Further, there’s the movie variously known as Unidentified Flying Oddball, The Spaceman and King Arthur, and A Spaceman in King Arthur’s Court. Astronaut, yes, but no chimp. He’s got a stand-in android instead because why not; as I recall, the movie postulates that, in the long term, humans will send androids to do their dangerous space travel rather than risk themselves. Presumably chimps would then be seen as a step backward, so there’s no place in the story for one. That means it actually makes more sense to be chimp-free than it does for Swiss Family Robinson. And The World’s Greatest Athlete gives its hero a pet tiger, of all things.

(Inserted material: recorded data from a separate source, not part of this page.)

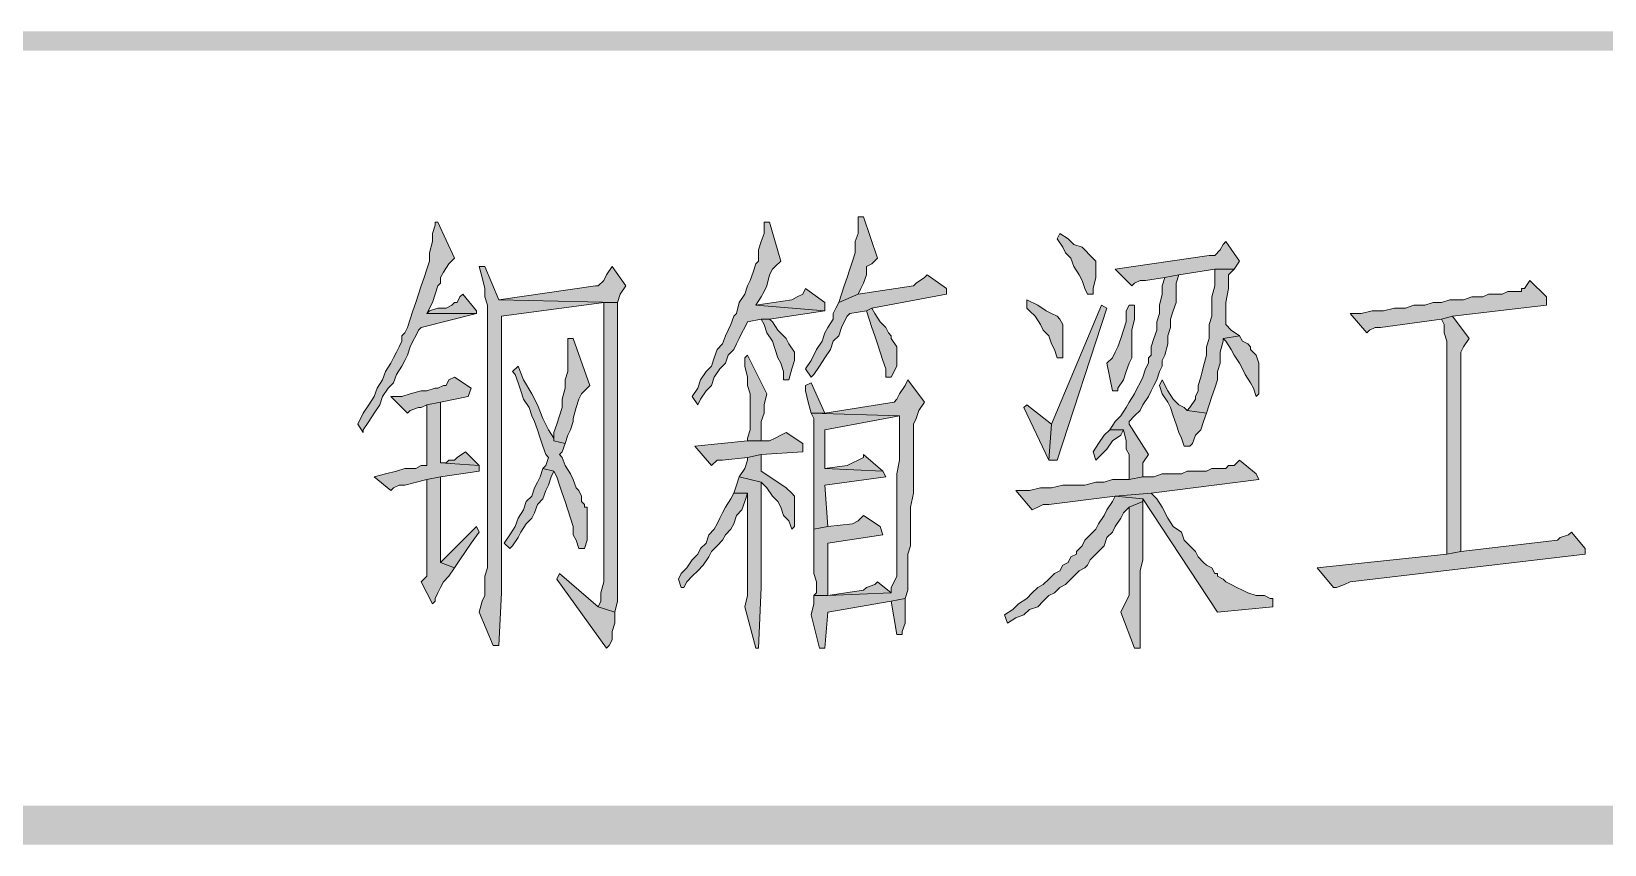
# Model space of a CAD drawing. Header units: millimetres. Extents: x 24 to 410, y 10 to 282.
# Drawn here: x 165.02 to 189.1, y 9.65 to 22.1 of the extents above; entities that cross this region are included whole.
import ezdxf

# ---------------------------------------------------------------- set-up
doc = ezdxf.new("R2010")
doc.units = ezdxf.units.MM

msp = doc.modelspace()

# ---------------------------------------------------------------- hatches: boundary and pattern name
h = msp.add_hatch(color=7)
h.dxf.hatch_style = 2
h.paths.add_polyline_path([(30.098965, 22.098), (30.098965, 21.801667), (410.082965, 22.098)])
h = msp.add_hatch(color=7)
h.dxf.hatch_style = 2
h.paths.add_polyline_path([(30.098965, 21.801667), (410.082965, 22.098), (410.082965, 21.801667)])
h = msp.add_hatch(color=7)
h.dxf.hatch_style = 2
h.paths.add_polyline_path([(171.238333, 19.177), (171.196, 19.177), (171.196, 19.134667), (171.153667, 19.007667), (171.153667, 18.880667), (171.111333, 18.711333), (171.111333, 18.584333), (171.069, 18.457333), (171.026667, 18.330333), (170.984333, 18.203333), (170.942, 18.076333), (170.899667, 17.949333), (170.857333, 17.822333), (170.815, 17.695333), (170.772667, 17.568333), (170.730333, 17.483667), (170.688, 17.441333), (170.688, 17.356667), (170.645667, 17.272), (170.603333, 17.187333), (170.561, 17.102667), (170.518667, 17.018), (170.434, 16.891), (170.391667, 16.764), (170.307, 16.637), (170.264667, 16.51), (170.18, 16.383), (170.095333, 16.256), (170.010667, 16.086667), (170.095333, 15.959667), (170.095333, 16.002), (170.18, 16.129), (170.264667, 16.256), (170.349333, 16.383), (170.391667, 16.51), (170.476333, 16.637), (170.561, 16.721667), (170.603333, 16.848667), (170.688, 16.975667), (170.730333, 17.060333), (170.772667, 17.145), (170.815, 17.272), (170.857333, 17.356667), (170.899667, 17.441333), (170.942, 17.526), (170.984333, 17.568333), (171.831, 17.78), (171.069, 17.78), (171.153667, 17.949333), (171.196, 18.076333), (171.238333, 18.203333), (171.280667, 18.245667), (171.280667, 18.330333), (171.323, 18.415), (171.407667, 18.542), (171.492333, 18.626667)])
h = msp.add_hatch(color=7)
h.dxf.hatch_style = 2
h.paths.add_polyline_path([(176.318333, 19.177), (176.233667, 19.177), (176.233667, 19.134667), (176.233667, 19.007667), (176.191333, 18.880667), (176.149, 18.753667), (176.149, 18.584333), (176.106667, 18.542), (176.064333, 18.415), (176.022, 18.288), (175.979667, 18.203333), (175.937333, 18.076333), (175.852667, 17.949333), (175.810333, 17.78), (175.768, 17.737667), (175.725667, 17.610667), (175.683333, 17.526), (175.641, 17.441333), (175.598667, 17.314333), (175.514, 17.229667), (175.471667, 17.102667), (175.429333, 16.975667), (175.344667, 16.891), (175.26, 16.764), (175.217667, 16.637), (175.133, 16.51), (175.217667, 16.383), (175.26, 16.467667), (175.344667, 16.594667), (175.429333, 16.679333), (175.471667, 16.806333), (175.556333, 16.933333), (175.641, 17.018), (175.683333, 17.145), (175.768, 17.229667), (175.810333, 17.314333), (175.852667, 17.399), (175.895, 17.483667), (175.937333, 17.568333), (175.979667, 17.653), (176.191333, 17.695333), (176.318333, 17.695333), (177.165, 17.822333), (176.106667, 17.907), (176.191333, 18.034), (176.233667, 18.118667), (176.276, 18.203333), (176.318333, 18.372667), (176.360667, 18.457333), (176.403, 18.499667), (176.487667, 18.584333)])
h = msp.add_hatch(color=7)
h.dxf.hatch_style = 2
h.paths.add_polyline_path([(177.757667, 19.261667), (177.673, 19.261667), (177.673, 19.134667), (177.673, 19.007667), (177.630667, 18.880667), (177.630667, 18.711333), (177.588333, 18.584333), (177.546, 18.457333), (177.503667, 18.330333), (177.461333, 18.203333), (177.419, 18.076333), (177.376667, 17.949333), (177.673, 18.076333), (177.715333, 18.161), (177.757667, 18.245667), (177.8, 18.372667), (177.8, 18.499667), (177.884667, 18.542), (177.969333, 18.626667)])
h = msp.add_hatch(color=7)
h.dxf.hatch_style = 2
h.paths.add_polyline_path([(180.763333, 19.007667), (180.721, 18.923), (180.805667, 18.796), (180.848, 18.711333), (180.932667, 18.626667), (180.975, 18.499667), (181.059667, 18.372667), (181.102, 18.288), (181.144333, 18.161), (181.186667, 18.076333), (181.271333, 18.076333), (181.271333, 18.161), (181.313667, 18.330333), (181.313667, 18.584333), (181.229, 18.669), (181.144333, 18.753667), (181.102, 18.796), (180.975, 18.838333), (180.890333, 18.923)])
h = msp.add_hatch(color=7)
h.dxf.hatch_style = 2
h.paths.add_polyline_path([(183.303333, 18.880667), (183.261, 18.838333), (183.218667, 18.753667), (183.134, 18.669), (183.049333, 18.669), (181.61, 18.457333), (181.864, 18.203333), (181.906333, 18.245667), (181.991, 18.288), (182.075667, 18.288), (182.372, 18.330333), (182.583667, 18.372667), (183.134, 18.457333), (183.430333, 18.457333), (183.515, 18.584333)])
h = msp.add_hatch(color=7)
h.dxf.hatch_style = 2
h.paths.add_polyline_path([(171.958, 18.499667), (171.873333, 18.499667), (171.915667, 18.330333), (171.958, 18.161), (171.958, 18.034), (172.000333, 17.907), (172.000333, 15.028333), (172.000333, 14.816667), (172.000333, 13.885333), (171.958, 13.758333), (171.958, 13.462), (171.915667, 13.377333), (171.873333, 13.208), (172.085, 12.7), (172.169667, 12.7), (172.212, 13.504333), (172.212, 17.737667), (173.778333, 17.949333), (173.99, 17.949333), (172.169667, 17.991667)])
h = msp.add_hatch(color=7)
h.dxf.hatch_style = 2
h.paths.add_polyline_path([(173.905333, 18.499667), (173.820667, 18.372667), (173.778333, 18.288), (173.693667, 18.203333), (173.651333, 18.203333), (172.169667, 17.991667), (173.99, 17.949333), (174.032333, 18.076333), (174.117, 18.203333)])
h = msp.add_hatch(color=7)
h.dxf.hatch_style = 2
h.paths.add_polyline_path([(178.731333, 18.372667), (178.689, 18.330333), (178.562, 18.245667), (178.519667, 18.203333), (177.673, 18.076333), (177.376667, 17.949333), (177.334333, 17.864667), (177.292, 17.78), (177.292, 17.695333), (177.207333, 17.568333), (177.165, 17.483667), (177.122667, 17.356667), (177.038, 17.229667), (176.953333, 17.060333), (176.868667, 16.933333), (176.953333, 16.806333), (176.995667, 16.848667), (177.080333, 16.975667), (177.165, 17.102667), (177.249667, 17.229667), (177.292, 17.356667), (177.376667, 17.441333), (177.419, 17.568333), (177.461333, 17.653), (177.503667, 17.737667), (177.546, 17.78), (177.8, 17.822333), (177.884667, 17.864667), (179.027667, 18.076333), (179.027667, 18.161)])
h = msp.add_hatch(color=7)
h.dxf.hatch_style = 2
h.paths.add_polyline_path([(182.583667, 18.372667), (182.372, 18.330333), (182.329667, 18.203333), (182.329667, 18.076333), (182.287333, 17.907), (182.287333, 17.78), (182.245, 17.653), (182.245, 17.526), (182.202667, 17.399), (182.160333, 17.272), (182.160333, 17.145), (182.118, 17.102667), (182.118, 17.018), (182.075667, 16.933333), (182.033333, 16.806333), (181.991, 16.721667), (181.948667, 16.637), (181.906333, 16.552333), (181.821667, 16.425333), (181.779333, 16.340667), (181.694667, 16.213667), (181.61, 16.129), (181.525333, 16.002), (181.737, 16.002), (181.779333, 15.832667), (181.779333, 15.705667), (181.821667, 15.621), (181.821667, 15.24), (182.033333, 15.282333), (182.033333, 15.494), (182.118, 15.621), (181.821667, 16.086667), (181.821667, 16.129), (181.906333, 16.213667), (181.991, 16.298333), (182.033333, 16.383), (182.118, 16.51), (182.160333, 16.594667), (182.202667, 16.679333), (182.245, 16.764), (182.287333, 16.891), (182.329667, 16.975667), (182.329667, 17.060333), (182.372, 17.145), (182.414333, 17.314333), (182.414333, 17.441333), (182.456667, 17.568333), (182.456667, 17.695333), (182.499, 17.822333), (182.541333, 17.949333), (182.541333, 18.245667)])
h = msp.add_hatch(color=7)
h.dxf.hatch_style = 2
h.paths.add_polyline_path([(183.430333, 18.457333), (183.134, 18.457333), (183.134, 18.372667), (183.134, 18.203333), (183.091667, 18.034), (183.091667, 17.737667), (183.049333, 17.610667), (183.049333, 17.399), (183.007, 17.272), (183.007, 17.145), (182.964667, 16.975667), (182.922333, 16.806333), (182.88, 16.679333), (182.88, 16.594667), (182.837667, 16.51), (182.837667, 16.467667), (182.753, 16.340667), (182.710667, 16.298333), (183.007, 16.256), (183.049333, 16.383), (183.091667, 16.51), (183.134, 16.637), (183.176333, 16.764), (183.176333, 16.891), (183.218667, 17.018), (183.218667, 17.187333), (183.261, 17.356667), (183.261, 17.399), (183.515, 17.441333), (183.388, 17.526), (183.303333, 17.610667), (183.303333, 17.949333), (183.345667, 18.161), (183.345667, 18.372667)])
h = msp.add_hatch(color=7)
h.dxf.hatch_style = 2
h.paths.add_polyline_path([(171.619333, 18.076333), (171.577, 18.034), (171.534667, 17.949333), (171.492333, 17.949333), (171.45, 17.907), (171.365333, 17.864667), (171.238333, 17.864667), (171.111333, 17.822333), (171.069, 17.78), (171.831, 17.78), (171.831, 17.822333)])
h = msp.add_hatch(color=7)
h.dxf.hatch_style = 2
h.paths.add_polyline_path([(176.868667, 18.161), (176.826333, 18.076333), (176.741667, 18.034), (176.657, 17.991667), (176.106667, 17.907), (177.165, 17.822333), (177.165, 17.949333)])
h = msp.add_hatch(color=7)
h.dxf.hatch_style = 2
h.paths.add_polyline_path([(187.96, 18.288), (187.875333, 18.161), (187.833, 18.161), (187.833, 18.118667), (187.621333, 18.118667), (187.536667, 18.076333), (187.325, 18.076333), (187.240333, 18.034), (187.071, 18.034), (186.944, 17.991667), (186.732333, 17.991667), (186.605333, 17.949333), (186.478333, 17.949333), (186.351333, 17.907), (186.182, 17.907), (186.055, 17.864667), (185.885667, 17.864667), (185.716333, 17.822333), (185.547, 17.822333), (185.377667, 17.78), (185.208333, 17.78), (185.462333, 17.483667), (185.504667, 17.526), (185.589333, 17.568333), (185.674, 17.568333), (186.605333, 17.695333), (186.774667, 17.737667), (188.214, 17.907), (188.214, 18.034)])
h = msp.add_hatch(color=7)
h.dxf.hatch_style = 2
h.paths.add_polyline_path([(173.99, 17.949333), (173.778333, 17.949333), (173.778333, 13.716), (173.778333, 13.673667), (173.736, 13.504333), (173.736, 13.377333), (173.693667, 13.292667), (173.947667, 13.208), (173.99, 13.377333), (173.99, 16.637), (173.99, 16.806333)])
h = msp.add_hatch(color=7)
h.dxf.hatch_style = 2
h.paths.add_polyline_path([(177.884667, 17.864667), (177.8, 17.822333), (177.842333, 17.695333), (177.884667, 17.568333), (177.927, 17.441333), (177.969333, 17.314333), (178.011667, 17.187333), (178.054, 17.060333), (178.096333, 16.933333), (178.096333, 16.806333), (178.181, 16.806333), (178.265667, 16.975667), (178.265667, 17.272), (178.181, 17.399), (178.181, 17.441333), (178.138667, 17.483667), (178.096333, 17.568333), (178.011667, 17.653), (177.927, 17.78)])
h = msp.add_hatch(color=7)
h.dxf.hatch_style = 2
h.paths.add_polyline_path([(180.255333, 17.991667), (180.255333, 17.864667), (180.297667, 17.822333), (180.382333, 17.737667), (180.467, 17.610667), (180.509333, 17.526), (180.594, 17.441333), (180.636333, 17.314333), (180.678667, 17.229667), (180.721, 17.102667), (180.805667, 17.102667), (180.805667, 17.145), (180.805667, 17.610667), (180.763333, 17.695333), (180.721, 17.737667), (180.636333, 17.78), (180.551667, 17.822333), (180.424667, 17.907)])
h = msp.add_hatch(color=7)
h.dxf.hatch_style = 2
h.paths.add_polyline_path([(181.398333, 17.907), (180.636333, 16.086667), (180.594, 15.536333), (180.721, 15.536333), (181.483, 17.864667)])
h = msp.add_hatch(color=7)
h.dxf.hatch_style = 2
h.paths.add_polyline_path([(181.906333, 17.907), (181.821667, 17.907), (181.779333, 17.822333), (181.779333, 17.653), (181.737, 17.526), (181.694667, 17.399), (181.652333, 17.272), (181.61, 17.187333), (181.567667, 17.102667), (181.483, 17.018), (181.567667, 16.594667), (181.652333, 16.594667), (181.652333, 16.637), (181.737, 16.764), (181.779333, 16.891), (181.821667, 17.018), (181.864, 17.102667), (181.864, 17.526), (181.906333, 17.695333)])
h = msp.add_hatch(color=7)
h.dxf.hatch_style = 2
h.paths.add_polyline_path([(176.318333, 17.695333), (176.191333, 17.695333), (176.233667, 17.610667), (176.276, 17.483667), (176.360667, 17.356667), (176.403, 17.229667), (176.445333, 17.102667), (176.487667, 17.018), (176.53, 16.891), (176.53, 16.764), (176.614667, 16.764), (176.657, 16.933333), (176.699333, 17.060333), (176.699333, 17.187333), (176.614667, 17.314333), (176.572333, 17.399), (176.53, 17.441333), (176.445333, 17.526), (176.360667, 17.653)])
h = msp.add_hatch(color=7)
h.dxf.hatch_style = 2
h.paths.add_polyline_path([(186.774667, 17.737667), (186.605333, 17.695333), (186.647667, 17.610667), (186.647667, 17.483667), (186.69, 17.356667), (186.69, 14.097), (186.901667, 14.139333), (186.901667, 16.975667), (186.901667, 17.060333), (186.901667, 17.187333), (186.944, 17.272), (187.028667, 17.399)])
h = msp.add_hatch(color=7)
h.dxf.hatch_style = 2
h.paths.add_polyline_path([(173.228, 17.399), (173.228, 16.891), (173.185667, 16.764), (173.185667, 16.637), (173.143333, 16.467667), (173.143333, 16.340667), (173.101, 16.213667), (173.058667, 16.086667), (173.016333, 15.959667), (173.016333, 15.832667), (173.185667, 15.790333), (173.228, 15.917333), (173.270333, 16.002), (173.312667, 16.129), (173.312667, 16.171333), (173.355, 16.340667), (173.397333, 16.467667), (173.439667, 16.552333), (173.524333, 16.637), (173.566667, 16.679333), (173.312667, 17.399)])
h = msp.add_hatch(color=7)
h.dxf.hatch_style = 2
h.paths.add_polyline_path([(183.515, 17.441333), (183.261, 17.399), (183.303333, 17.356667), (183.388, 17.229667), (183.430333, 17.145), (183.515, 17.018), (183.557333, 16.933333), (183.599667, 16.848667), (183.684333, 16.721667), (183.726667, 16.637), (183.769, 16.51), (183.811333, 16.552333), (183.811333, 17.018), (183.769, 17.145), (183.684333, 17.229667), (183.684333, 17.272), (183.642, 17.314333), (183.557333, 17.356667)])
h = msp.add_hatch(color=7)
h.dxf.hatch_style = 2
h.paths.add_polyline_path([(175.979667, 17.145), (175.937333, 17.102667), (175.937333, 16.975667), (175.979667, 16.806333), (175.979667, 16.679333), (176.022, 16.552333), (176.022, 16.002), (175.979667, 15.875), (175.979667, 15.832667), (176.191333, 15.832667), (176.191333, 16.129), (176.233667, 16.256), (176.233667, 16.383), (176.276, 16.552333)])
h = msp.add_hatch(color=7)
h.dxf.hatch_style = 2
h.paths.add_polyline_path([(172.466, 16.975667), (172.381333, 16.891), (172.423667, 16.848667), (172.466, 16.721667), (172.508333, 16.594667), (172.550667, 16.467667), (172.635333, 16.340667), (172.677667, 16.213667), (172.72, 16.129), (172.762333, 16.002), (172.804667, 15.875), (172.847, 15.748), (172.889333, 15.621), (172.931667, 15.578667), (172.889333, 15.451667), (172.847, 15.409333), (173.016333, 15.367), (173.058667, 15.282333), (173.101, 15.155333), (173.143333, 15.028333), (173.185667, 14.901333), (173.228, 14.774333), (173.270333, 14.647333), (173.312667, 14.520333), (173.312667, 14.393333), (173.355, 14.308667), (173.397333, 14.181667), (173.482, 14.181667), (173.524333, 14.308667), (173.524333, 14.816667), (173.482, 14.816667), (173.482, 14.859), (173.439667, 14.901333), (173.439667, 14.986), (173.397333, 15.070667), (173.355, 15.113), (173.312667, 15.24), (173.270333, 15.324667), (173.185667, 15.451667), (173.143333, 15.578667), (173.101, 15.621), (173.143333, 15.663333), (173.185667, 15.790333), (173.016333, 15.832667), (173.016333, 15.875), (172.931667, 16.002), (172.847, 16.171333), (172.762333, 16.383), (172.677667, 16.552333), (172.550667, 16.764)])
h = msp.add_hatch(color=7)
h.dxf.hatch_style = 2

So what is with the chimps? That is, in the end, a fine question that I can’t answer. Not in any way more complicated that “people like chimps.” Seven movies in about ten years isn’t really that many, and one of them is a sequel to another, but it’s slightly over twelve percent and slightly under one-eighth. That’s a large percentage—especially given that the percentage would be even higher if you eliminated the True-Life Adventure and the animated movies. (The last feature-length True-Life Adventure came out the same year as Toby Tyler.) The movies include some of the last that Walt was personally involved with, only The Barefoot Executive falling outside that list. They’re not all good movies, but they’re definitely not all terrible. While the Merlin Jones ones aren’t terribly popular today, they were enough for Walt to briefly walk back firing Tommy Kirk for a sequel, wherein Merlin attempts to adopt a chimp.
I don’t know. People like chimps. They were high in the public consciousness in the ‘60s because of the space program and J. Fred Muggs. Beyond that, I genuinely can’t explain the whole thing. While researching this has provided me with a wealth of information that doesn’t really fit with the scope of this article, it was surprisingly difficult to find some of the information that was. That’s the way of things sometimes.